(Beginning of Entries shown)

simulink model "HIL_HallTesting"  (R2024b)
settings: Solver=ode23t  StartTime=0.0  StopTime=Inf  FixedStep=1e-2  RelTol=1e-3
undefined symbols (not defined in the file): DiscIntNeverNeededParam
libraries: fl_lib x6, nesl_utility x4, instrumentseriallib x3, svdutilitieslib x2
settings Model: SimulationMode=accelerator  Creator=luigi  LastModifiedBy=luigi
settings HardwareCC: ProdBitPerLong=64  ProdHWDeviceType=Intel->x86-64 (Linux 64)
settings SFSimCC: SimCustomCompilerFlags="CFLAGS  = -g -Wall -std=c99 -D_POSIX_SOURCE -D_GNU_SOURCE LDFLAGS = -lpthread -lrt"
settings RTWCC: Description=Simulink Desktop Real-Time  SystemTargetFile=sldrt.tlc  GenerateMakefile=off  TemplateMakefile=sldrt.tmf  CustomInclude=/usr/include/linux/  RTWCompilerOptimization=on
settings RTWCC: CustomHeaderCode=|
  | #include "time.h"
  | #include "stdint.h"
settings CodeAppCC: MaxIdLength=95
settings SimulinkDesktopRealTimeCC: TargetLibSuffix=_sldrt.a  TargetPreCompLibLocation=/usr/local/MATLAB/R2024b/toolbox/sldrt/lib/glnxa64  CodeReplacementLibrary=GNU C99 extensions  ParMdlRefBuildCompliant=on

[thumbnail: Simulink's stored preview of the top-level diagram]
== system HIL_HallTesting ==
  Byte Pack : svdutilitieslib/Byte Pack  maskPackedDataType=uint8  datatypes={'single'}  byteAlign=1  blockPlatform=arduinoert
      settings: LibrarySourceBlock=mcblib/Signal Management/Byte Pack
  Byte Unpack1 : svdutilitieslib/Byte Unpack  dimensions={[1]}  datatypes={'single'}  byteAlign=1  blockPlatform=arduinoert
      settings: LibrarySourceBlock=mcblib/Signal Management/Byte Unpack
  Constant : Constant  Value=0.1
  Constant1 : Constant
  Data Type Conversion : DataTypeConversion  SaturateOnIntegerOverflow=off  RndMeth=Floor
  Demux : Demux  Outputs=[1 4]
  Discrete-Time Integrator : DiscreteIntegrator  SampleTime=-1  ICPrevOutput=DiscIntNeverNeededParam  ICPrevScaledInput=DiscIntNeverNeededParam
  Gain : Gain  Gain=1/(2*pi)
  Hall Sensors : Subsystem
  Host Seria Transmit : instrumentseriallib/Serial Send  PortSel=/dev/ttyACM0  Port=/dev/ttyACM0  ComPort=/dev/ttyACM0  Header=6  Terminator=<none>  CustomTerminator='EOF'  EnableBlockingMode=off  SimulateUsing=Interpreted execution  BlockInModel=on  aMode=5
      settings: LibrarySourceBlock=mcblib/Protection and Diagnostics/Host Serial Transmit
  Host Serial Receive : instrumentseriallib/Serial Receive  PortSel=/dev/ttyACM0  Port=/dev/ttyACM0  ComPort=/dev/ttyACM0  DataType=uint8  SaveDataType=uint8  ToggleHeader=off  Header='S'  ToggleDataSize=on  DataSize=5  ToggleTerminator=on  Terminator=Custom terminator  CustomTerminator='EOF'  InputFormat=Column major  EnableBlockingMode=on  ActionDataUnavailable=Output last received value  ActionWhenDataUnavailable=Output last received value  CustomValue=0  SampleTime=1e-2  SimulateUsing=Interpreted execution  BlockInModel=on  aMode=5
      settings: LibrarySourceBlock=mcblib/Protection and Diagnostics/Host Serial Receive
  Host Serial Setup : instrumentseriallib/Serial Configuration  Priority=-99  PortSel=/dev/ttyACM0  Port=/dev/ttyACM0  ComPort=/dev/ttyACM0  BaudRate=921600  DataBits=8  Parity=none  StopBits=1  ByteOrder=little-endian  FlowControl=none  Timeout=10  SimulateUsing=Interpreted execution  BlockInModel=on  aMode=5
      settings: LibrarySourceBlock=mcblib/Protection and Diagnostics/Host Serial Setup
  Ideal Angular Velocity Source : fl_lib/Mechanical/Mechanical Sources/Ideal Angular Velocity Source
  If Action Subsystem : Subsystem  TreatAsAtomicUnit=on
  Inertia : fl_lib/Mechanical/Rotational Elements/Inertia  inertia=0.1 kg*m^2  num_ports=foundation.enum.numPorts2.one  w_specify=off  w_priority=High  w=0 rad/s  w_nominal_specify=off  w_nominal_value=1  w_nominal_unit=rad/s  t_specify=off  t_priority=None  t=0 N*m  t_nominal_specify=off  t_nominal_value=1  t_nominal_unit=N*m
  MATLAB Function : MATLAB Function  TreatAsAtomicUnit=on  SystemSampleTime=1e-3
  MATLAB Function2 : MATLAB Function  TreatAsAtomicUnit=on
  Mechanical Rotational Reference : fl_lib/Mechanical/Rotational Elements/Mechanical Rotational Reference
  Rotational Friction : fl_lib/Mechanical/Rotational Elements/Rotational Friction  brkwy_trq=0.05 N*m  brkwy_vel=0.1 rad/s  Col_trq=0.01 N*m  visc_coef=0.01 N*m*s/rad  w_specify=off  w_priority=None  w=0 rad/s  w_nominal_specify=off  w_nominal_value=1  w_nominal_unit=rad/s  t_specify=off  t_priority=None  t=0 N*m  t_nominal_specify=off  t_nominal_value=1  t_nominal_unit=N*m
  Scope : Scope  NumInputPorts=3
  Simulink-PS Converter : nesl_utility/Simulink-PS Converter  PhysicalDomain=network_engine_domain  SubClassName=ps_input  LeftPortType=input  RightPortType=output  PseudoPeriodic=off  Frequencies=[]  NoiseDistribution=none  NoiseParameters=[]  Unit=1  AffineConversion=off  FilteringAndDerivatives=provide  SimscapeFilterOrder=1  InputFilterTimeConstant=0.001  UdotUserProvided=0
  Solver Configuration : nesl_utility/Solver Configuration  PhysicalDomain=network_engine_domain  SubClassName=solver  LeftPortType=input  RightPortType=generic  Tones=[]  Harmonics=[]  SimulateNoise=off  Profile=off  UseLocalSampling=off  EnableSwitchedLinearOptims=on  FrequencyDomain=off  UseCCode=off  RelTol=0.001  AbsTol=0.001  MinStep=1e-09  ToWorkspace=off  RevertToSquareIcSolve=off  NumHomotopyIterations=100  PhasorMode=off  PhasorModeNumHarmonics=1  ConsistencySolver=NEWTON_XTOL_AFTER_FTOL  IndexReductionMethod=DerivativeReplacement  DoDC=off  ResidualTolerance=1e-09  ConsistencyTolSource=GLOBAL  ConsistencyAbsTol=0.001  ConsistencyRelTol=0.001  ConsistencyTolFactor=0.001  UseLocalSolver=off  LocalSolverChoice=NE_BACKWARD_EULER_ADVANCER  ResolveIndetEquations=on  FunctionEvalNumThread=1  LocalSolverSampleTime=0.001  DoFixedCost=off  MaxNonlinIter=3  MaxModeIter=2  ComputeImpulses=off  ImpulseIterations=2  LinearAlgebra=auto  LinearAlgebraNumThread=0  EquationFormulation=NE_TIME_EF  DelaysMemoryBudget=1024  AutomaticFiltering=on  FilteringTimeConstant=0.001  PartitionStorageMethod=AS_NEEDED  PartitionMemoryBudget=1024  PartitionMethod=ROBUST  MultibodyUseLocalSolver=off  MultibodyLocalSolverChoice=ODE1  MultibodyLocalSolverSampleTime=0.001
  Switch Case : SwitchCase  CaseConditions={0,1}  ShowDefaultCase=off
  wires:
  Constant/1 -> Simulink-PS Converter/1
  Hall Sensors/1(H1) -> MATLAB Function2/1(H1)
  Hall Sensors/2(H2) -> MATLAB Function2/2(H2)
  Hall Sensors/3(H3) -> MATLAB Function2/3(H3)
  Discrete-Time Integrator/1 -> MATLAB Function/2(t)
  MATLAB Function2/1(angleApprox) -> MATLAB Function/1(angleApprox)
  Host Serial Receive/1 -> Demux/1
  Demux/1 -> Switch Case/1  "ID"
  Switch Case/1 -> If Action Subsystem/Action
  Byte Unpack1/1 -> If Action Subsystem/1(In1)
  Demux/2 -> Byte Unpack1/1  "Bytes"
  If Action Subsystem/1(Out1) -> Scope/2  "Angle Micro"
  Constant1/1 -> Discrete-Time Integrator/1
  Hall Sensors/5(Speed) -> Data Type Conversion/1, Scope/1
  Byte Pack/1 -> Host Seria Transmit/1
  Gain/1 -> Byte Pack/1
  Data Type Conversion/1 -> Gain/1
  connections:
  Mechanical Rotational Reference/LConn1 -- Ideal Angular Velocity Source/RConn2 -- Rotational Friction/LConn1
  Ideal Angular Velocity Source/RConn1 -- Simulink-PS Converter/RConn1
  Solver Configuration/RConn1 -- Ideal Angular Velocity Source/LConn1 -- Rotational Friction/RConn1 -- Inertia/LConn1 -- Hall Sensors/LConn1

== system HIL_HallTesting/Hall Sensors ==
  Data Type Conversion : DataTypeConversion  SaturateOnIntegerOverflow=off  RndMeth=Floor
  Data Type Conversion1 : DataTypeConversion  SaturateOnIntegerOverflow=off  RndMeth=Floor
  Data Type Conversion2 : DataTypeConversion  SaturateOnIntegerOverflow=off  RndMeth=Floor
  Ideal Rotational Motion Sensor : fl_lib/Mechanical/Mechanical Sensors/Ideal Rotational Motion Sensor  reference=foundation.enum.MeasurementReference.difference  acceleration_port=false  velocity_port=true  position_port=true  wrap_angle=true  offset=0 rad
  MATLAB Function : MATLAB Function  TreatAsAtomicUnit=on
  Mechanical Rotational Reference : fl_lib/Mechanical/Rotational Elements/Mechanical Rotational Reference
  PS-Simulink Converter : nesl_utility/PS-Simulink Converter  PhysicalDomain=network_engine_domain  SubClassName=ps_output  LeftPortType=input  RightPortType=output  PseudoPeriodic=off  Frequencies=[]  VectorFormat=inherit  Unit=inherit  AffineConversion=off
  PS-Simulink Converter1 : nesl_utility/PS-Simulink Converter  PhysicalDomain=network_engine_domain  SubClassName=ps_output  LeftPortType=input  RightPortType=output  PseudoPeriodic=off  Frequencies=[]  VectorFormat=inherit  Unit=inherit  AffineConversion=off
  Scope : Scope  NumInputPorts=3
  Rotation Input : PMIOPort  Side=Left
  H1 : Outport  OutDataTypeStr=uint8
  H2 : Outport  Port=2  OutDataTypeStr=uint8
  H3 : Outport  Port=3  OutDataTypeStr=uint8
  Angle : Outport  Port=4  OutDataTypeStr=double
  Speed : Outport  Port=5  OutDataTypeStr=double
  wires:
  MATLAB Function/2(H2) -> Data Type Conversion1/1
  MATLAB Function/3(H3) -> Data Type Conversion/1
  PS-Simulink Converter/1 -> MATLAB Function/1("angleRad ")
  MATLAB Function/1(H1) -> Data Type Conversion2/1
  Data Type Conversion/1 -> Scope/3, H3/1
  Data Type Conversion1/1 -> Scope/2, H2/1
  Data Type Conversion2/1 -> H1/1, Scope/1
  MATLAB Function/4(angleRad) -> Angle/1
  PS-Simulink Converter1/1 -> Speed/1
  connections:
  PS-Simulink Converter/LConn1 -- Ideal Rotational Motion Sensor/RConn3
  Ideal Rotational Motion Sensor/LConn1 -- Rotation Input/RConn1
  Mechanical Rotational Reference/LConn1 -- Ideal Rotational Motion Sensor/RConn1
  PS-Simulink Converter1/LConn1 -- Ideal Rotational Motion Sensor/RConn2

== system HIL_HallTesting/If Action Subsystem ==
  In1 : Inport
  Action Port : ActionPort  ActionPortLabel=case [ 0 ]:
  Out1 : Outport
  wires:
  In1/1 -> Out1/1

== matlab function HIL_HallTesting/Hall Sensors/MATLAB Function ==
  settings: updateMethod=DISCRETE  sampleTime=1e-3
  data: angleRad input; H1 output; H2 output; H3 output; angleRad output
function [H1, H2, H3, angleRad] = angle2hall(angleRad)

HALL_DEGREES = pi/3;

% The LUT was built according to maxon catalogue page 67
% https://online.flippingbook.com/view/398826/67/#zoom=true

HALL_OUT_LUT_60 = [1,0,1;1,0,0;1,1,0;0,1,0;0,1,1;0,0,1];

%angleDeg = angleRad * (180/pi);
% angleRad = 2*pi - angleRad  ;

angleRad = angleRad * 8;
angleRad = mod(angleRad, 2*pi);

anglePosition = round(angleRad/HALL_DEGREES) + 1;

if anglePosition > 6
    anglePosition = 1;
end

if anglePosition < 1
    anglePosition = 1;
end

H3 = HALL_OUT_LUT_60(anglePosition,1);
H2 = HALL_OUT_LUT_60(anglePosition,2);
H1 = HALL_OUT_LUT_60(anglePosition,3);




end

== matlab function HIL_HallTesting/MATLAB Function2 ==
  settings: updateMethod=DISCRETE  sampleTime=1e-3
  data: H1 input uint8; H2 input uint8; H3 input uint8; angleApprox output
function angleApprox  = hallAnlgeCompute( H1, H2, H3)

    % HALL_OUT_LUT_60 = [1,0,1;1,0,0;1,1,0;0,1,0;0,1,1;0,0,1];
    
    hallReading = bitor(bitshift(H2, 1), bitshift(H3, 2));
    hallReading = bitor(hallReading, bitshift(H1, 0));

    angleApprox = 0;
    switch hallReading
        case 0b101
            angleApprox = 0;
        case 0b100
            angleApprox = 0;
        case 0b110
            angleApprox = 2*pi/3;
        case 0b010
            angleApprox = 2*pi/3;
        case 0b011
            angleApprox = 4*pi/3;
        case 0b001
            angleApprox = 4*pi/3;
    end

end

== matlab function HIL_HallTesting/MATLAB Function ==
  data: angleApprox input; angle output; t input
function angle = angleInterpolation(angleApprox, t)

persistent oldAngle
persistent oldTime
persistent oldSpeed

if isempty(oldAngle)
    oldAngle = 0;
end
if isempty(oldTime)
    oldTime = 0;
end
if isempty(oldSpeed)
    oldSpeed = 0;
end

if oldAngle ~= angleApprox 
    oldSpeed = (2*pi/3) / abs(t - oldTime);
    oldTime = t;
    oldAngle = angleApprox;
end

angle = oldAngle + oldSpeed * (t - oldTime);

(End of Entries shown)

• [What is expected]:
Report every line of the preceding listing where the string "CustomTerminator" occurs.

• [Reply to the task]:
  Host Seria Transmit : instrumentseriallib/Serial Send  PortSel=/dev/ttyACM0  Port=/dev/ttyACM0  ComPort=/dev/ttyACM0  Header=6  Terminator=<none>  CustomTerminator='EOF'  EnableBlockingMode=off  SimulateUsing=Interpreted execution  BlockInModel=on  aMode=5
  Host Serial Receive : instrumentseriallib/Serial Receive  PortSel=/dev/ttyACM0  Port=/dev/ttyACM0  ComPort=/dev/ttyACM0  DataType=uint8  SaveDataType=uint8  ToggleHeader=off  Header='S'  ToggleDataSize=on  DataSize=5  ToggleTerminator=on  Terminator=Custom terminator  CustomTerminator='EOF'  InputFormat=Column major  EnableBlockingMode=on  ActionDataUnavailable=Output last received value  ActionWhenDataUnavailable=Output last received value  CustomValue=0  SampleTime=1e-2  SimulateUsing=Interpreted execution  BlockInModel=on  aMode=5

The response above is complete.